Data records
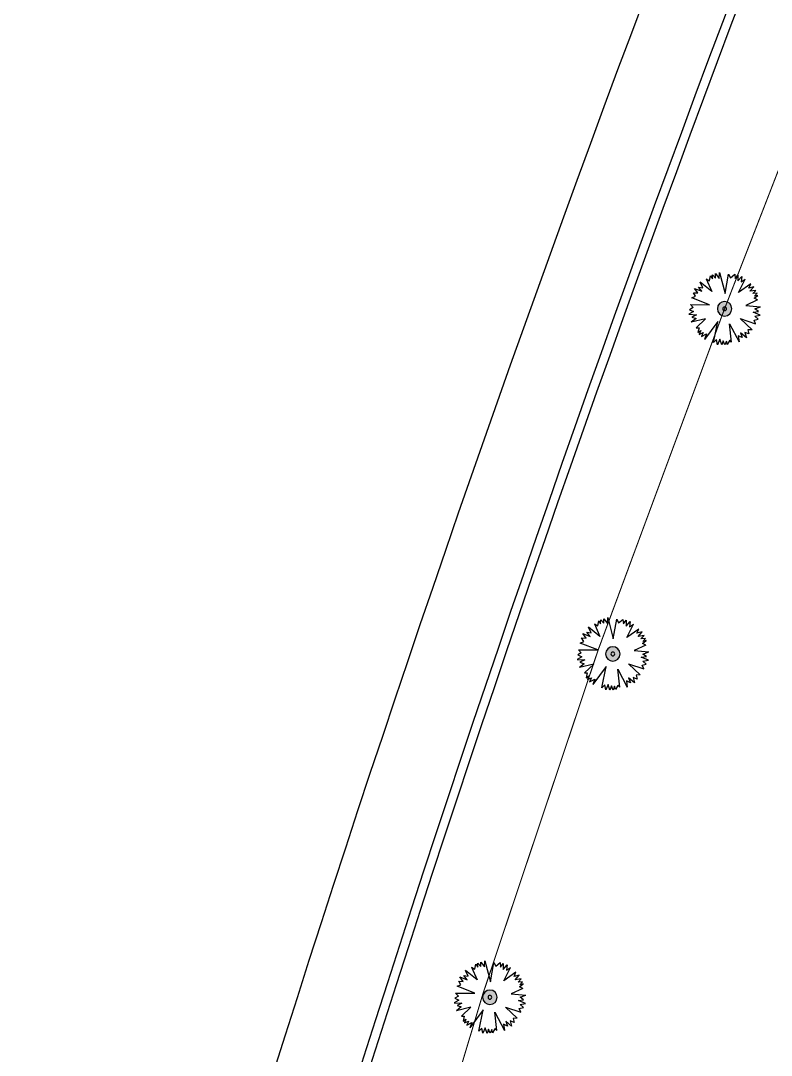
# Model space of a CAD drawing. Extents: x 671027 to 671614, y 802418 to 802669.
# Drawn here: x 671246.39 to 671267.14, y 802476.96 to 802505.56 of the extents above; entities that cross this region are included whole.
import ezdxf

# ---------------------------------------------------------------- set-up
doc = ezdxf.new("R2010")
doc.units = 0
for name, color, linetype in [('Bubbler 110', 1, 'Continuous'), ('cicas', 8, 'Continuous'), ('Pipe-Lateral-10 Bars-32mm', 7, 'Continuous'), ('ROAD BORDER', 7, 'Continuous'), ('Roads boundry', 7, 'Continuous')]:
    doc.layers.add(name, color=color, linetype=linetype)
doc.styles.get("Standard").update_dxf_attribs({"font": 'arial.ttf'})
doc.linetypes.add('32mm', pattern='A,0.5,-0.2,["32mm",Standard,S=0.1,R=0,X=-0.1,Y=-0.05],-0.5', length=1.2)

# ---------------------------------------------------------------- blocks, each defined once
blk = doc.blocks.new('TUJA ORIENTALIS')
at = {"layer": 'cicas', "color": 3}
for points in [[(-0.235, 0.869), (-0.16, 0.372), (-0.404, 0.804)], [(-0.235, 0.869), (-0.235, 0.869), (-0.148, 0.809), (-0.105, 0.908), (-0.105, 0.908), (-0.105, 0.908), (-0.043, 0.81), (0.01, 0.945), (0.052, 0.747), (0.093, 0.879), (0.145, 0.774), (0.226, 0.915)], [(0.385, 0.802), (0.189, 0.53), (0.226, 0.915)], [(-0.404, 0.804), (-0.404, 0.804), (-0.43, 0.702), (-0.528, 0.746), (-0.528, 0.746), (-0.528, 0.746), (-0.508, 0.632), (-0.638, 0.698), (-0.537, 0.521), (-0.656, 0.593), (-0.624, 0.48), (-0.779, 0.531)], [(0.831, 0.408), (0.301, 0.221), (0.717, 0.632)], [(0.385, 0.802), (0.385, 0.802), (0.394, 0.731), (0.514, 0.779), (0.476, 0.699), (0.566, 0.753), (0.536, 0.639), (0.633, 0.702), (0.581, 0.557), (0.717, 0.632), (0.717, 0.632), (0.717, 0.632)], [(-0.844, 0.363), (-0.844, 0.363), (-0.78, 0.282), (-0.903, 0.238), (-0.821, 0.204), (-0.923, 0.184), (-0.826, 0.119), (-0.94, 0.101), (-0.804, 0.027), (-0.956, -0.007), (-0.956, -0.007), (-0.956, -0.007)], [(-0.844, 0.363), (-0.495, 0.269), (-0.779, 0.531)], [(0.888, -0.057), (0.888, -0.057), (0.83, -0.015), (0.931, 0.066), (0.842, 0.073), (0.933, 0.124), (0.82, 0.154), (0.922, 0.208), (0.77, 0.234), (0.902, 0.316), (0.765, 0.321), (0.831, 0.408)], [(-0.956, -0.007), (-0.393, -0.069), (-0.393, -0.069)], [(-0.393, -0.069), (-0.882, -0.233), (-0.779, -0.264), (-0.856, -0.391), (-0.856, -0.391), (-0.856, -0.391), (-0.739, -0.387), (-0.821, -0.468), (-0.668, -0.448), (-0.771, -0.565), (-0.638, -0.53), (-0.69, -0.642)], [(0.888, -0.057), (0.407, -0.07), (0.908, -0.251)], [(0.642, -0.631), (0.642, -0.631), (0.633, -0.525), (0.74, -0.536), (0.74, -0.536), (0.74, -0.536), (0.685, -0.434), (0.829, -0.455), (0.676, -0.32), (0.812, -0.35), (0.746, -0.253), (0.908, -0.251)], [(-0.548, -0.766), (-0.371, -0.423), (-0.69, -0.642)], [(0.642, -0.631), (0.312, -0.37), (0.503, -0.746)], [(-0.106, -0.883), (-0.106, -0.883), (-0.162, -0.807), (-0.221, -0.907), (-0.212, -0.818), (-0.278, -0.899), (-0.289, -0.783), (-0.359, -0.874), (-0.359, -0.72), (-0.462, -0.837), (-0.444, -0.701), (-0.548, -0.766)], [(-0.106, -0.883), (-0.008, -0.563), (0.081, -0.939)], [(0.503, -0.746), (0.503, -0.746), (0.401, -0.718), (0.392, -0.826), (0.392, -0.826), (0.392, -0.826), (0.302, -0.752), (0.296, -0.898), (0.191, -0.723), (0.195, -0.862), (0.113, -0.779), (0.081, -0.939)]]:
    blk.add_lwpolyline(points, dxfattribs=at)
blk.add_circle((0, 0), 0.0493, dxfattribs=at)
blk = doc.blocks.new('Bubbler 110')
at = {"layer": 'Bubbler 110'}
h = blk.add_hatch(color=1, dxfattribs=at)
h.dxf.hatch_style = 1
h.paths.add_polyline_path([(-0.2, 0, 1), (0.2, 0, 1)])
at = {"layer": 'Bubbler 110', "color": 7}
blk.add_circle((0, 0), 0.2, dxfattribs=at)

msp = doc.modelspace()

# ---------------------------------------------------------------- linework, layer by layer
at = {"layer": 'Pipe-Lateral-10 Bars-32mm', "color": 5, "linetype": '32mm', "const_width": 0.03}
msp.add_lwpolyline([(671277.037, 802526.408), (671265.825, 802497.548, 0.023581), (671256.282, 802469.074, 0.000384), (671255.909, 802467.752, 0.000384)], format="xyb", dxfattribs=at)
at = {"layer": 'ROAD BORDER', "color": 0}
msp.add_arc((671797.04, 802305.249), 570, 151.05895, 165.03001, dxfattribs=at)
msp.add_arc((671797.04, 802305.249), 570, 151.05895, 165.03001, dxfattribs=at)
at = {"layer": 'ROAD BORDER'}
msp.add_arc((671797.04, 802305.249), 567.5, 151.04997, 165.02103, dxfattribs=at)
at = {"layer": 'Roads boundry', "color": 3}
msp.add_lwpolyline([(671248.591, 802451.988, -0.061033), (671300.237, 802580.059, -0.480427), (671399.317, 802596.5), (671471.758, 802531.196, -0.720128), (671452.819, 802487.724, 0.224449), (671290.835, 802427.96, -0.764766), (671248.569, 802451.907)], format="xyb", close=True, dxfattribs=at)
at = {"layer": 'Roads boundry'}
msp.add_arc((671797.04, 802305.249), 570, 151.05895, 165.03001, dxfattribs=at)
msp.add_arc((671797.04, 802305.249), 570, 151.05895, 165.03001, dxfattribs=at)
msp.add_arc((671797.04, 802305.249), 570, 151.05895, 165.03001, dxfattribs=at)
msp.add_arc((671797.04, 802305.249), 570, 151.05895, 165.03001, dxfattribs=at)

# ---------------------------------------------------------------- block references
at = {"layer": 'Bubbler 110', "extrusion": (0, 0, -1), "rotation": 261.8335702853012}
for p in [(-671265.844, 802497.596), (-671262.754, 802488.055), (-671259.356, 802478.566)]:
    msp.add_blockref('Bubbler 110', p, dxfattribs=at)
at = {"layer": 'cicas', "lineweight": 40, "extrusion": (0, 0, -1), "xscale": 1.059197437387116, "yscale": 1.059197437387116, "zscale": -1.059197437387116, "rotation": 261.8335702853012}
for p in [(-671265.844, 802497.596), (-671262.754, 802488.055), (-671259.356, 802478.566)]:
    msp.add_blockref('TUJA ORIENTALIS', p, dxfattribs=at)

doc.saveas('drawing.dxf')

### Your objective
Copy only the part of the records that runs from the first line to the line with "doc.units = 0", ends included, leaving pictures out.

### Completed exercise
# Model space of a CAD drawing. Extents: x 671027 to 671614, y 802418 to 802669.
# Drawn here: x 671246.39 to 671267.14, y 802476.96 to 802505.56 of the extents above; entities that cross this region are included whole.
import ezdxf

# ---------------------------------------------------------------- set-up
doc = ezdxf.new("R2010")
doc.units = 0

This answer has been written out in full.